→ TASK ITEM
Each entry below is to be copied verbatim, with no line missing.

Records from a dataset
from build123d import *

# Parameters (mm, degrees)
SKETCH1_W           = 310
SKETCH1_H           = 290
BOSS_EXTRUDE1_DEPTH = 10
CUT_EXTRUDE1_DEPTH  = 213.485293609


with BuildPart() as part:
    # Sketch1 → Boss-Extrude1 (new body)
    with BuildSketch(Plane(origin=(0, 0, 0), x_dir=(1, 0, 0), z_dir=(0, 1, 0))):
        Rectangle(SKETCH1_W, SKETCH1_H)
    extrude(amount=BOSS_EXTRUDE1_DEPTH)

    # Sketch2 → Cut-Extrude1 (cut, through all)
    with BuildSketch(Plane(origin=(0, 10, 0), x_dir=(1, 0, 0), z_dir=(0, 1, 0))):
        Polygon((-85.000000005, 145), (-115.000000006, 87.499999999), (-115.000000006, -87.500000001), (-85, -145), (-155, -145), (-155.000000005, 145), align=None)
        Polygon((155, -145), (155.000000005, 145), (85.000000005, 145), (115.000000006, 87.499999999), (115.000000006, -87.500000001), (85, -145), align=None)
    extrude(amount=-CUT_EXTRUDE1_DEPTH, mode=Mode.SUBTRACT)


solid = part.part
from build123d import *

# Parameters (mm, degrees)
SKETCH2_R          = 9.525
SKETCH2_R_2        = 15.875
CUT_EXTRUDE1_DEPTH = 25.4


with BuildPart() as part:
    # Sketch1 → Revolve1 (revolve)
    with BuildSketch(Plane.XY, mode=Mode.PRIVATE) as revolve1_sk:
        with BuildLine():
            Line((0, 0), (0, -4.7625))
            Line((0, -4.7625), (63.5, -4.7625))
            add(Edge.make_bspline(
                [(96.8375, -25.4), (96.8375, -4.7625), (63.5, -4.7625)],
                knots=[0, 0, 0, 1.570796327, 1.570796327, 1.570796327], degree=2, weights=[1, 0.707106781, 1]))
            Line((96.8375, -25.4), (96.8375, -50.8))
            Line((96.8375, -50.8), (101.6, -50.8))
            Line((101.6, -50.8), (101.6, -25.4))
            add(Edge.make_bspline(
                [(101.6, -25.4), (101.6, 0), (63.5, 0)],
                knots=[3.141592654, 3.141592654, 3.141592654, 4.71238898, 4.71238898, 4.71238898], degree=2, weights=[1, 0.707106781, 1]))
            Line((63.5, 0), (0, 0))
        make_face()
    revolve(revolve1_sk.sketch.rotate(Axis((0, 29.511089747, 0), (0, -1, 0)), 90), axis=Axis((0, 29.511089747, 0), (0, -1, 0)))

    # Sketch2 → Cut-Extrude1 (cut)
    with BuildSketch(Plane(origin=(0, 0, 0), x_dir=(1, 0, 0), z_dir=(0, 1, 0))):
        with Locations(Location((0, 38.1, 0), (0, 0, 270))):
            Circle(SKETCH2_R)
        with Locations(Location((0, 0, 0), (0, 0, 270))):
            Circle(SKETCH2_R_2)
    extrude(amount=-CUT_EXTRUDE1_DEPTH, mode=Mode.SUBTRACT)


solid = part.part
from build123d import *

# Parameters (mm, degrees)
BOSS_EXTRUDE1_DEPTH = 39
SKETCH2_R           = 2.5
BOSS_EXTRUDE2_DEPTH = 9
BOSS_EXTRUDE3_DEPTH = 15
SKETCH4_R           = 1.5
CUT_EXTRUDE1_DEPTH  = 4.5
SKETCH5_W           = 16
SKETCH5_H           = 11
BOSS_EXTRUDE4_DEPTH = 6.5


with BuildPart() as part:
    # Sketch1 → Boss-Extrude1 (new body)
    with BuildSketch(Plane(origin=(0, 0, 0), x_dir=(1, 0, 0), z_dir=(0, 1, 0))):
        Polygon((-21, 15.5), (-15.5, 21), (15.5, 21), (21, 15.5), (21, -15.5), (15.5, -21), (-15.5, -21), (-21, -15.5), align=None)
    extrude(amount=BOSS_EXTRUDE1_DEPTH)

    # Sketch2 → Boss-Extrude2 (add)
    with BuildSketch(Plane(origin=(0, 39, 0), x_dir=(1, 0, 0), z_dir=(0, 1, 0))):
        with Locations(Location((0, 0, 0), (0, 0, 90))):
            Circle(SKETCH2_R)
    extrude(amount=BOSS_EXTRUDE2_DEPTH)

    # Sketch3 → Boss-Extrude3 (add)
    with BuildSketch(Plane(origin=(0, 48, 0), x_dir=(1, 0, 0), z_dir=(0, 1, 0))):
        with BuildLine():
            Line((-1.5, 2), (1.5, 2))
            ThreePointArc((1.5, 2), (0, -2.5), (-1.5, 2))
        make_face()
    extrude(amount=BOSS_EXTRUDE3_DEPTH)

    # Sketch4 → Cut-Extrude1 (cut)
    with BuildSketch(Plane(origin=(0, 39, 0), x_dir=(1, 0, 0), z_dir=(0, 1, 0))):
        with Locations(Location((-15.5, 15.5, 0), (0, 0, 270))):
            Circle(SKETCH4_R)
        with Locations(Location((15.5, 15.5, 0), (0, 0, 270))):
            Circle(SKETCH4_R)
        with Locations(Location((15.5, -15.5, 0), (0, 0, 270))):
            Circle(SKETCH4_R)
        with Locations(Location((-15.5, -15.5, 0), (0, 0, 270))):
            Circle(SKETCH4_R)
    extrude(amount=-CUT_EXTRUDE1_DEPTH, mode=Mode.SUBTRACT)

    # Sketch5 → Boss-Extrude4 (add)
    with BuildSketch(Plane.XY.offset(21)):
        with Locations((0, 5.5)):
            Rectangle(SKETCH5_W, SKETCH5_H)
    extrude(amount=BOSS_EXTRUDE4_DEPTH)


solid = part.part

→ RESPONSE AREA
from build123d import *

# Parameters (mm, degrees)
SKETCH1_W           = 310
SKETCH1_H           = 290
BOSS_EXTRUDE1_DEPTH = 10
CUT_EXTRUDE1_DEPTH  = 213.485293609


with BuildPart() as part:
    # Sketch1 → Boss-Extrude1 (new body)
    with BuildSketch(Plane(origin=(0, 0, 0), x_dir=(1, 0, 0), z_dir=(0, 1, 0))):
        Rectangle(SKETCH1_W, SKETCH1_H)
    extrude(amount=BOSS_EXTRUDE1_DEPTH)

    # Sketch2 → Cut-Extrude1 (cut, through all)
    with BuildSketch(Plane(origin=(0, 10, 0), x_dir=(1, 0, 0), z_dir=(0, 1, 0))):
        Polygon((-85.000000005, 145), (-115.000000006, 87.499999999), (-115.000000006, -87.500000001), (-85, -145), (-155, -145), (-155.000000005, 145), align=None)
        Polygon((155, -145), (155.000000005, 145), (85.000000005, 145), (115.000000006, 87.499999999), (115.000000006, -87.500000001), (85, -145), align=None)
    extrude(amount=-CUT_EXTRUDE1_DEPTH, mode=Mode.SUBTRACT)


solid = part.part
from build123d import *

# Parameters (mm, degrees)
SKETCH2_R          = 9.525
SKETCH2_R_2        = 15.875
CUT_EXTRUDE1_DEPTH = 25.4


with BuildPart() as part:
    # Sketch1 → Revolve1 (revolve)
    with BuildSketch(Plane.XY, mode=Mode.PRIVATE) as revolve1_sk:
        with BuildLine():
            Line((0, 0), (0, -4.7625))
            Line((0, -4.7625), (63.5, -4.7625))
            add(Edge.make_bspline(
                [(96.8375, -25.4), (96.8375, -4.7625), (63.5, -4.7625)],
                knots=[0, 0, 0, 1.570796327, 1.570796327, 1.570796327], degree=2, weights=[1, 0.707106781, 1]))
            Line((96.8375, -25.4), (96.8375, -50.8))
            Line((96.8375, -50.8), (101.6, -50.8))
            Line((101.6, -50.8), (101.6, -25.4))
            add(Edge.make_bspline(
                [(101.6, -25.4), (101.6, 0), (63.5, 0)],
                knots=[3.141592654, 3.141592654, 3.141592654, 4.71238898, 4.71238898, 4.71238898], degree=2, weights=[1, 0.707106781, 1]))
            Line((63.5, 0), (0, 0))
        make_face()
    revolve(revolve1_sk.sketch.rotate(Axis((0, 29.511089747, 0), (0, -1, 0)), 90), axis=Axis((0, 29.511089747, 0), (0, -1, 0)))

    # Sketch2 → Cut-Extrude1 (cut)
    with BuildSketch(Plane(origin=(0, 0, 0), x_dir=(1, 0, 0), z_dir=(0, 1, 0))):
        with Locations(Location((0, 38.1, 0), (0, 0, 270))):
            Circle(SKETCH2_R)
        with Locations(Location((0, 0, 0), (0, 0, 270))):
            Circle(SKETCH2_R_2)
    extrude(amount=-CUT_EXTRUDE1_DEPTH, mode=Mode.SUBTRACT)


solid = part.part
from build123d import *

# Parameters (mm, degrees)
BOSS_EXTRUDE1_DEPTH = 39
SKETCH2_R           = 2.5
BOSS_EXTRUDE2_DEPTH = 9
BOSS_EXTRUDE3_DEPTH = 15
SKETCH4_R           = 1.5
CUT_EXTRUDE1_DEPTH  = 4.5
SKETCH5_W           = 16
SKETCH5_H           = 11
BOSS_EXTRUDE4_DEPTH = 6.5


with BuildPart() as part:
    # Sketch1 → Boss-Extrude1 (new body)
    with BuildSketch(Plane(origin=(0, 0, 0), x_dir=(1, 0, 0), z_dir=(0, 1, 0))):
        Polygon((-21, 15.5), (-15.5, 21), (15.5, 21), (21, 15.5), (21, -15.5), (15.5, -21), (-15.5, -21), (-21, -15.5), align=None)
    extrude(amount=BOSS_EXTRUDE1_DEPTH)

    # Sketch2 → Boss-Extrude2 (add)
    with BuildSketch(Plane(origin=(0, 39, 0), x_dir=(1, 0, 0), z_dir=(0, 1, 0))):
        with Locations(Location((0, 0, 0), (0, 0, 90))):
            Circle(SKETCH2_R)
    extrude(amount=BOSS_EXTRUDE2_DEPTH)

    # Sketch3 → Boss-Extrude3 (add)
    with BuildSketch(Plane(origin=(0, 48, 0), x_dir=(1, 0, 0), z_dir=(0, 1, 0))):
        with BuildLine():
            Line((-1.5, 2), (1.5, 2))
            ThreePointArc((1.5, 2), (0, -2.5), (-1.5, 2))
        make_face()
    extrude(amount=BOSS_EXTRUDE3_DEPTH)

    # Sketch4 → Cut-Extrude1 (cut)
    with BuildSketch(Plane(origin=(0, 39, 0), x_dir=(1, 0, 0), z_dir=(0, 1, 0))):
        with Locations(Location((-15.5, 15.5, 0), (0, 0, 270))):
            Circle(SKETCH4_R)
        with Locations(Location((15.5, 15.5, 0), (0, 0, 270))):
            Circle(SKETCH4_R)
        with Locations(Location((15.5, -15.5, 0), (0, 0, 270))):
            Circle(SKETCH4_R)
        with Locations(Location((-15.5, -15.5, 0), (0, 0, 270))):
            Circle(SKETCH4_R)
    extrude(amount=-CUT_EXTRUDE1_DEPTH, mode=Mode.SUBTRACT)

    # Sketch5 → Boss-Extrude4 (add)
    with BuildSketch(Plane.XY.offset(21)):
        with Locations((0, 5.5)):
            Rectangle(SKETCH5_W, SKETCH5_H)
    extrude(amount=BOSS_EXTRUDE4_DEPTH)


solid = part.part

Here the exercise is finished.